Data were processed by automated data processing pipelines at the beamlines. Initial phase information was obtained by molecular replacement method with PHENIX (v1.20.1) using the rA3G crystal structures (PDB 7UU4 or 8EDJ)³³ without bound RNA. DNA was built manually in COOT. The structural models were refined using PHENIX (v1.20.1) and modified with COOT (v0.9.8.7). Data collection statistics and refinement parameters are summarized in Supplementary Table 1. Hydrogen bonding predictions were done by QtPISA (v2.1.0). Structure images were prepared with PyMOL (v2.5.3).

HEK293T whole-cell extract preparation and Western blot

HEK293T cells were seeded in 12-well plates 24 h before transfection. FLAG-tagged A3G constructs or empty vector pcDNA were transfected using Lipofectamine 3000 Transfection Reagent (L3000008, Thermo Fisher) following the manufacturer’s recommendations and incubated for 48 h before harvesting. HEK293T whole-cell extracts were prepared in 100 μl M-PER™ Mammalian Protein Extraction Reagent (78501, Thermo Fisher Scientific) supplemented with 1× Halt™ Protease Inhibitor Cocktail (78429, Thermo Fisher Scientific) and 150 mM NaCl. Total protein concentration in the extracts was estimated using Pierce™ BCA Protein Assay Kit (23225, Thermo Fisher Scientific) following the manufacturer’s recommendations, with a typical yield of around 3 mg/ml. Extracts were stored in small aliquots at −80 °C.

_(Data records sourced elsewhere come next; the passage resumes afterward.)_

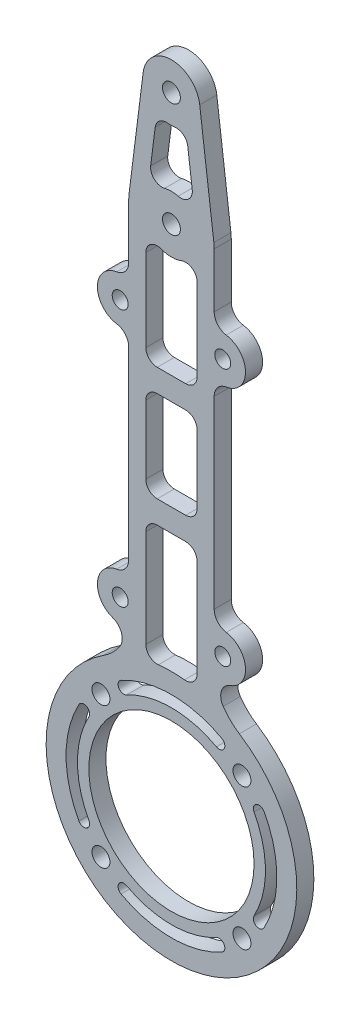
SolidWorks part; units mm, degrees
material "Thornel Mat VMA"
ref_plane "前视基准面" through (0, 0, 0) normal (0, 0, 1) x (1, 0, 0)
ref_plane "上视基准面" through (0, 0, 0) normal (0, 1, 0) x (1, 0, 0)
ref_plane "右视基准面" through (0, 0, 0) normal (1, 0, 0) x (0, 0, -1)
sketch "草图1" plane through (0, 0, 0) normal (0, 0, 1) x (1, 0, 0)
  line L0 (0, 0) -> (0, -50000) construction
  line L1 (-7.5, 0) -> (-7.5, -69.3179)
  line L2 (7.5, 0) -> (7.5, -69.3179)
  line L3 (-4.9608, 20.625) -> (-7.4412, 0.9375)
  line L4 (4.9608, 20.625) -> (7.4412, 0.9375)
  line L5 (0, -90) -> (50000, -90) construction
  line L6 (0, -90) -> (35355.3391, 35265.3391) construction
  line L7 (0, -90) -> (-35355.3391, 35265.3391) construction
  circle A0 centre (0, 0) radius 1.575
  circle A1 centre (0, -90) radius 22
  circle A2 centre (0, 0) radius 7.5
  circle A3 centre (0, 20) radius 1.575
  circle A4 centre (0, 20) radius 5
  circle A5 centre (0, -90) radius 14.5
  circle A6 centre (-12.3744, -77.6256) radius 1.575
  circle A7 centre (12.3744, -77.6256) radius 1.575
  circle A8 centre (12.3744, -102.3744) radius 1.575
  circle A9 centre (-12.3744, -102.3744) radius 1.575
  circle A10 centre (0, -90) radius 17.5 construction
  point P37 (0, -90)
  dimension "D1" = 3.15
  dimension "D2" = 44
  dimension "D4" = 3.15
  dimension "D6" = 15
  dimension "D7" = 10
  dimension "D8" = 29
  dimension "D10" = 3.15
  dimension "D3" = 90
  dimension "D5" = 20
  dimension "D9" = 45
  dimension "D11" = 35
  dimension "D12" = 4
extrude "凸台-拉伸1" add sketch "草图1" along normal blind 3 contours L0 A4 L3 A2 | L0 A4 A3 | A4 L0 A3 | A4 L0 A2 L4 | L0 A2 A0 | A2 L0 A0 | A2 L0 A1 L2 | L0 A2 L1 A1 | L0 A1 A5 | A1 L0 A5 region at (0, -37.141, 0) region at (-7.2736, 0.4564, 0) region at (0, -68.6223, 0) region at (0, 11.0094, 0) region at (0, 24.8586, 0)
sketch "草图2" plane through (0, 0, 3) normal (0, 0, 1) x (1, 0, 0)
  line L0 (0, 0) -> (0, -50000) construction
  line L1 (-2.5571, 15.7034) -> (-4.1923, 2.7249)
  line L2 (-4.9608, 20.625) -> (-7.4412, 0.9375) construction
  line L3 (-4.5, -68.4651) -> (-4.5, -2.1794)
  line L4 (-7.5, 0) -> (-7.5, -69.3179) construction
  line L5 (4.5, -68.4651) -> (4.5, -2.1794)
  line L6 (2.5571, 15.7034) -> (4.1923, 2.7249)
  circle A0 centre (0, 20) radius 5
  circle A1 centre (0, 0) radius 5
  circle A2 centre (0, -90) radius 22
  dimension "D1" = 10
  dimension "D2" = 10
  dimension "D3" = 3
  dimension "D4" = 3
extrude "切除-拉伸1" cut sketch "草图2" against normal blind 3 contours A0 L0 A1 L6 | L0 A0 L1 A1 | L0 A1 L3 A2 | A1 L0 A2 L5 region at (2.2677, -36.1727, 3) region at (-2.2677, -36.1727, 3) region at (0, 9.4049, 3)
sketch "草图3" plane through (0, 0, 3) normal (0, 0, 1) x (1, 0, 0)
  line L0 (-4.5, -25) -> (4.5, -25) construction
  line L5 (-4.5, -68.4651) -> (-4.5, -2.1794) construction
  line L6 (4.5, -68.4651) -> (4.5, -2.1794) construction
  line L7 (-4.5, -45) -> (4.5, -45) construction
  line L8 (-4.5, -47) -> (4.5, -47)
  line L9 (-4.5, -43) -> (4.5, -43)
  line L10 (-4.5, -27) -> (4.5, -27)
  line L11 (-4.5, -23) -> (4.5, -23)
  line L12 (-4.5, -23) -> (-4.5, -27)
  line L13 (4.5, -23) -> (4.5, -27)
  line L14 (-4.5, -43) -> (-4.5, -47)
  line L15 (4.5, -43) -> (4.5, -47)
  dimension "D1" = 2
  dimension "D5" = 25
  dimension "D6" = 20
  dimension "D2" = 2
  dimension "D3" = 2
  dimension "D4" = 2
extrude "凸台-拉伸2" add sketch "草图3" against normal up to surface (3 mm away) up to face at (0, -35.9111, 0)
sketch "草图4" plane through (0, 0, 3) normal (0, 0, 1) x (1, 0, 0)
  line L0 (0, 0) -> (0, -50000) construction
  circle A0 centre (-9, -16) radius 1.4
  circle A1 centre (-9, -61.2) radius 1.4
  circle A2 centre (-9, -16) radius 4
  circle A3 centre (-9, -61.2) radius 4
  circle A4 centre (9, -61.2) radius 4
  circle A5 centre (9, -16) radius 4
  circle A6 centre (9, -61.2) radius 1.4
  circle A7 centre (9, -16) radius 1.4
  dimension "D3" = 2.8
  dimension "D5" = 8
  dimension "D1" = 45.2
  dimension "D2" = 18
  dimension "D4" = 16
extrude "凸台-拉伸3" add sketch "草图4" against normal up to surface (3 mm away) up to face at (0, -13.2949, 0)
fillet "圆角1" radius 2 16 edges at (2.5571, 15.7034, 1.5) (4.1923, 2.7249, 1.5) (-4.1923, 2.7249, 1.5) (-2.5571, 15.7034, 1.5) (-4.5, -68.4651, 1.5) (-4.5, -47, 1.5) (4.5, -47, 1.5) (4.5, -68.4651, 1.5) (-4.5, -27, 1.5) (4.5, -27, 1.5) (4.5, -43, 1.5) (-4.5, -43, 1.5) (4.5, -2.1794, 1.5) (4.5, -23, 1.5) (-4.5, -23, 1.5) (-4.5, -2.1794, 1.5)
fillet "圆角2" radius 10 2 edges at (-7.5, -69.3179, 1.5) (7.5, -69.3179, 1.5)
fillet "圆角3" radius 2.5 8 edges at (7.5, -57.4919, 1.5) (7.5, -64.9081, 1.5) (-7.5, -64.9081, 1.5) (-7.5, -57.4919, 1.5) (-7.5, -12.2919, 1.5) (7.5, -12.2919, 1.5) (7.5, -19.7081, 1.5) (-7.5, -19.7081, 1.5)
sketch "草图5" plane through (0, 0, 3) normal (0, 0, 1) x (1, 0, 0)
  arc A0 (9.2342, -75.1346) -> (-9.2342, -75.1346) centre (0, -90) ccw construction
  arc A1 (8.8483, -73.7532) -> (-8.8483, -73.7532) centre (0, -90) ccw
  arc A2 (7.8917, -75.5096) -> (-7.8917, -75.5096) centre (0, -90) ccw
  arc A3 (-8.8483, -73.7532) -> (-7.8917, -75.5096) centre (-8.37, -74.6314) ccw
  arc A4 (7.8917, -75.5096) -> (8.8483, -73.7532) centre (8.37, -74.6314) ccw
  circle A5 centre (-12.3744, -77.6256) radius 1.575 construction
  circle A6 centre (12.3744, -77.6256) radius 1.575 construction
  arc A7 (16.2468, -81.1517) -> (14.4904, -82.1083) centre (15.3686, -81.63) ccw
  arc A8 (14.4904, -97.8917) -> (14.4904, -82.1083) centre (0, -90) ccw
  arc A9 (14.4904, -97.8917) -> (16.2468, -98.8483) centre (15.3686, -98.37) ccw
  arc A10 (16.2468, -98.8483) -> (16.2468, -81.1517) centre (0, -90) ccw
  arc A11 (8.8483, -106.2468) -> (7.8917, -104.4904) centre (8.37, -105.3686) ccw
  arc A12 (-7.8917, -104.4904) -> (7.8917, -104.4904) centre (0, -90) ccw
  arc A13 (-7.8917, -104.4904) -> (-8.8483, -106.2468) centre (-8.37, -105.3686) ccw
  arc A14 (-8.8483, -106.2468) -> (8.8483, -106.2468) centre (0, -90) ccw
  arc A15 (-16.2468, -98.8483) -> (-14.4904, -97.8917) centre (-15.3686, -98.37) ccw
  arc A16 (-14.4904, -82.1083) -> (-14.4904, -97.8917) centre (0, -90) ccw
  arc A17 (-14.4904, -82.1083) -> (-16.2468, -81.1517) centre (-15.3686, -81.63) ccw
  arc A18 (-16.2468, -81.1517) -> (-16.2468, -98.8483) centre (0, -90) ccw
  point P36 (0, -90)
  dimension "D1" = 1
  dimension "D2" = 1
  dimension "D4" = 5
  dimension "D3" = 5
  dimension "D5" = 4
extrude "切除-拉伸2" cut sketch "草图5" against normal blind 10

For western blot, proteins in HEK293T whole-cell extracts were separated by SDS-PAGE and transferred onto Immobilon® -FL PVDF membrane (IPFL00010, EMD Millipore). The membranes were blotted with primary antibodies: anti-FLAG M2 mAb (F3165, SIGMA, 1:3000) and anti-alpha tubulin mAb (GT114, GeneTex, 1:5000). ECL Plex Goat-α-Mouse IgG-Cy3 (PA43009, Cytiva, 1:3000) was used as the secondary antibody. Cy3 signals were detected using the Typhoon^TM Biomolecular Imager (Cytiva).

Statistical analysis

We assessed the assumption of equal variances using an F-test. Data analysis was performed using a two-tailed Student’s t-test in Excel (v16.82), assuming homoscedasticity. A significance level of α = 0.05 was applied to determine statistical significance.

Reporting summary

Further information on research design is available in the Nature Portfolio Reporting Summary linked to this article.